Load orca checkpoint
You can load saved orca checkpoint using load_orca_checkpoint(self, path, version, prefix)
. To load a specific checkpoint,
please provide both version
and perfix
. If version
is None, then the latest checkpoint will be loaded.
* path
: Path to the existing checkpoint (or directory containing Orca checkpoint files if version
is None).
* version
: checkpoint version, which is the suffix of model.* file, i.e., for
modle.4 file, the version is 4. If it is None
, then load the latest checkpoint.
* prefix
: optimMethod prefix, for example 'optimMethod-TorchModelf53bddcc'. If loading the latest checkpoint, just leave it as None
.
Clear gradient clipping
You can clear gradient clipping parameters using clear_gradient_clipping(self)

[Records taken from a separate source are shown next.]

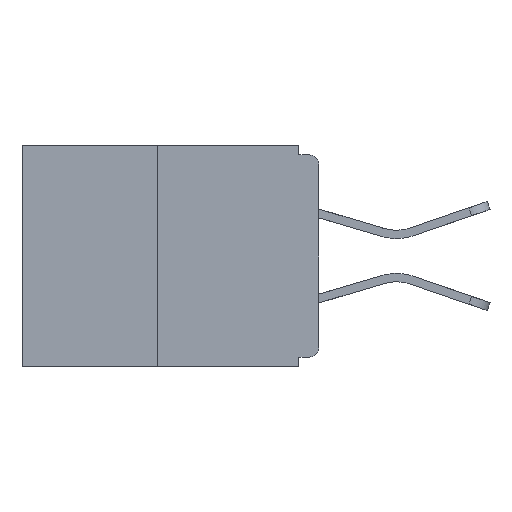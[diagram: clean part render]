
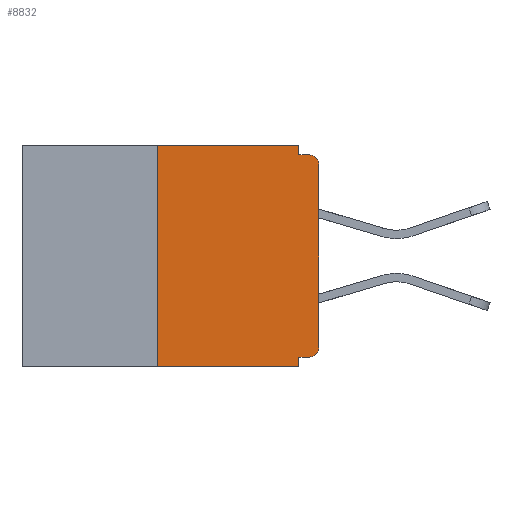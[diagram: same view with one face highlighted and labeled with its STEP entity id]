
A CAD part, left-side view. The second image highlights one B-rep face of the part: STEP entity #8832.
In plain terms, the highlighted planar face has unit normal (-1, 0, 0).
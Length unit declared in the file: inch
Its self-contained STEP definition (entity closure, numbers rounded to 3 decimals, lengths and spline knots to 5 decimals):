
#118 = ORIENTED_EDGE ( 'NONE', *, *, #2227, .F. ) ;
#169 = VERTEX_POINT ( 'NONE', #3268 ) ;
#374 = CARTESIAN_POINT ( 'NONE',  ( 0., 0.031, 0. ) ) ;
#448 = DIRECTION ( 'NONE',  ( 0., -1., 0. ) ) ;
#489 = CARTESIAN_POINT ( 'NONE',  ( 0., 0.46, 0. ) ) ;
#515 = CARTESIAN_POINT ( 'NONE',  ( 0., 0.015, -0.328 ) ) ;
#697 = FACE_OUTER_BOUND ( 'NONE', #9683, .T. ) ;
#770 = CARTESIAN_POINT ( 'NONE',  ( 0., 0., -0.03 ) ) ;
#947 = ORIENTED_EDGE ( 'NONE', *, *, #1244, .T. ) ;
#956 = AXIS2_PLACEMENT_3D ( 'NONE', #5543, #6500, #9940 ) ;
#1126 = CARTESIAN_POINT ( 'NONE',  ( 0., 0., -0.328 ) ) ;
#1204 = DIRECTION ( 'NONE',  ( 0., 1., 0. ) ) ;
#1244 = EDGE_CURVE ( 'NONE', #8211, #8496, #11496, .T. ) ;
#1271 = DIRECTION ( 'NONE',  ( 0., 0., -1. ) ) ;
#1419 = ORIENTED_EDGE ( 'NONE', *, *, #4956, .F. ) ;
#1483 = EDGE_CURVE ( 'NONE', #9737, #9106, #4185, .T. ) ;
#2227 = EDGE_CURVE ( 'NONE', #6264, #7091, #10370, .T. ) ;
#2407 = DIRECTION ( 'NONE',  ( 0., 0., -1. ) ) ;
#2658 = LINE ( 'NONE', #1126, #7680 ) ;
#2899 = CARTESIAN_POINT ( 'NONE',  ( 0., 0., 0. ) ) ;
#2945 = CARTESIAN_POINT ( 'NONE',  ( 0., 0.015, -0.015 ) ) ;
#3024 = VECTOR ( 'NONE', #1271, 39.37008 ) ;
#3134 = VECTOR ( 'NONE', #3990, 39.37008 ) ;
#3176 = AXIS2_PLACEMENT_3D ( 'NONE', #8057, #5354, #6136 ) ;
#3268 = CARTESIAN_POINT ( 'NONE',  ( 0., 0.031, -0.015 ) ) ;
#3499 = DIRECTION ( 'NONE',  ( 0., 0., -1. ) ) ;
#3785 = VECTOR ( 'NONE', #9099, 39.37008 ) ;
#3952 = LINE ( 'NONE', #489, #9489 ) ;
#3979 = CARTESIAN_POINT ( 'NONE',  ( 0., 0.25, 0. ) ) ;
#3990 = DIRECTION ( 'NONE',  ( 0., -1., 0. ) ) ;
#4185 = CIRCLE ( 'NONE', #3176, 0.015 ) ;
#4748 = CARTESIAN_POINT ( 'NONE',  ( 0., 0., -0.015 ) ) ;
#4904 = ORIENTED_EDGE ( 'NONE', *, *, #7840, .F. ) ;
#4956 = EDGE_CURVE ( 'NONE', #10288, #169, #10621, .T. ) ;
#4982 = CARTESIAN_POINT ( 'NONE',  ( 0., 0.46, -0.343 ) ) ;
#5097 = DIRECTION ( 'NONE',  ( -1., 0., 0. ) ) ;
#5354 = DIRECTION ( 'NONE',  ( -1., 0., 0. ) ) ;
#5543 = CARTESIAN_POINT ( 'NONE',  ( 0., 0.46, 0. ) ) ;
#5566 = CARTESIAN_POINT ( 'NONE',  ( 0., 0.031, 0. ) ) ;
#6071 = DIRECTION ( 'NONE',  ( 0., 0., 1. ) ) ;
#6089 = VECTOR ( 'NONE', #6071, 39.37008 ) ;
#6136 = DIRECTION ( 'NONE',  ( 0., 0., -1. ) ) ;
#6165 = EDGE_CURVE ( 'NONE', #169, #9106, #8672, .T. ) ;
#6255 = CARTESIAN_POINT ( 'NONE',  ( 0., 0.031, -0.343 ) ) ;
#6264 = VERTEX_POINT ( 'NONE', #6906 ) ;
#6500 = DIRECTION ( 'NONE',  ( 1., 0., 0. ) ) ;
#6684 = CARTESIAN_POINT ( 'NONE',  ( 0., 0.015, -0.313 ) ) ;
#6906 = CARTESIAN_POINT ( 'NONE',  ( 0., 0.25, -0.343 ) ) ;
#7042 = CARTESIAN_POINT ( 'NONE',  ( 0., 0.25, 0. ) ) ;
#7090 = LINE ( 'NONE', #6255, #9736 ) ;
#7091 = VERTEX_POINT ( 'NONE', #3979 ) ;
#7163 = CARTESIAN_POINT ( 'NONE',  ( 0., 0.031, -0.343 ) ) ;
#7203 = ORIENTED_EDGE ( 'NONE', *, *, #1483, .T. ) ;
#7227 = ORIENTED_EDGE ( 'NONE', *, *, #6165, .F. ) ;
#7264 = ORIENTED_EDGE ( 'NONE', *, *, #7390, .T. ) ;
#7390 = EDGE_CURVE ( 'NONE', #8496, #9737, #11139, .T. ) ;
#7397 = EDGE_CURVE ( 'NONE', #8211, #7767, #2658, .T. ) ;
#7423 = CARTESIAN_POINT ( 'NONE',  ( 0., 0.031, -0.328 ) ) ;
#7680 = VECTOR ( 'NONE', #1204, 39.37008 ) ;
#7767 = VERTEX_POINT ( 'NONE', #7423 ) ;
#7840 = EDGE_CURVE ( 'NONE', #7091, #10288, #3952, .T. ) ;
#7894 = ORIENTED_EDGE ( 'NONE', *, *, #8747, .F. ) ;
#8044 = VERTEX_POINT ( 'NONE', #7163 ) ;
#8057 = CARTESIAN_POINT ( 'NONE',  ( 0., 0.015, -0.03 ) ) ;
#8211 = VERTEX_POINT ( 'NONE', #515 ) ;
#8381 = LINE ( 'NONE', #4982, #11147 ) ;
#8496 = VERTEX_POINT ( 'NONE', #11513 ) ;
#8672 = LINE ( 'NONE', #4748, #3134 ) ;
#8747 = EDGE_CURVE ( 'NONE', #7767, #8044, #7090, .T. ) ;
#8832 = ADVANCED_FACE ( 'NONE', ( #697 ), #9120, .F. ) ;
#9099 = DIRECTION ( 'NONE',  ( 0., 0., 1. ) ) ;
#9106 = VERTEX_POINT ( 'NONE', #2945 ) ;
#9120 = PLANE ( 'NONE',  #956 ) ;
#9489 = VECTOR ( 'NONE', #448, 39.37008 ) ;
#9683 = EDGE_LOOP ( 'NONE', ( #4904, #118, #11397, #7894, #11092, #947, #7264, #7203, #7227, #1419 ) ) ;
#9736 = VECTOR ( 'NONE', #3499, 39.37008 ) ;
#9737 = VERTEX_POINT ( 'NONE', #770 ) ;
#9940 = DIRECTION ( 'NONE',  ( 0., 0., -1. ) ) ;
#10288 = VERTEX_POINT ( 'NONE', #5566 ) ;
#10327 = DIRECTION ( 'NONE',  ( 0., -1., 0. ) ) ;
#10370 = LINE ( 'NONE', #7042, #6089 ) ;
#10507 = EDGE_CURVE ( 'NONE', #6264, #8044, #8381, .T. ) ;
#10621 = LINE ( 'NONE', #374, #3024 ) ;
#11092 = ORIENTED_EDGE ( 'NONE', *, *, #7397, .F. ) ;
#11139 = LINE ( 'NONE', #2899, #3785 ) ;
#11147 = VECTOR ( 'NONE', #10327, 39.37008 ) ;
#11166 = AXIS2_PLACEMENT_3D ( 'NONE', #6684, #5097, #2407 ) ;
#11397 = ORIENTED_EDGE ( 'NONE', *, *, #10507, .T. ) ;
#11496 = CIRCLE ( 'NONE', #11166, 0.015 ) ;
#11513 = CARTESIAN_POINT ( 'NONE',  ( 0., 0., -0.313 ) ) ;

. In this case, gradient clipping will not be applied.
Note: In order to take effect, it needs to be called before fit.
Set constant gradient clipping
You can Set constant gradient clipping during the training process using set_constant_gradient_clipping(self, min, max)
.
* min
: The minimum value to clip by.
* max
: The maximum value to clip by.
Note: In order to take effect, it needs to be called before fit.
Set clip gradient to a maximum L2-Norm
You can set clip gradient to a maximum L2-Norm during the training process using set_l2_norm_gradient_clipping(self, clip_norm)
.
* clip_norm
: Gradient L2-Norm threshold.
Note: In order to take effect, it needs to be called before fit.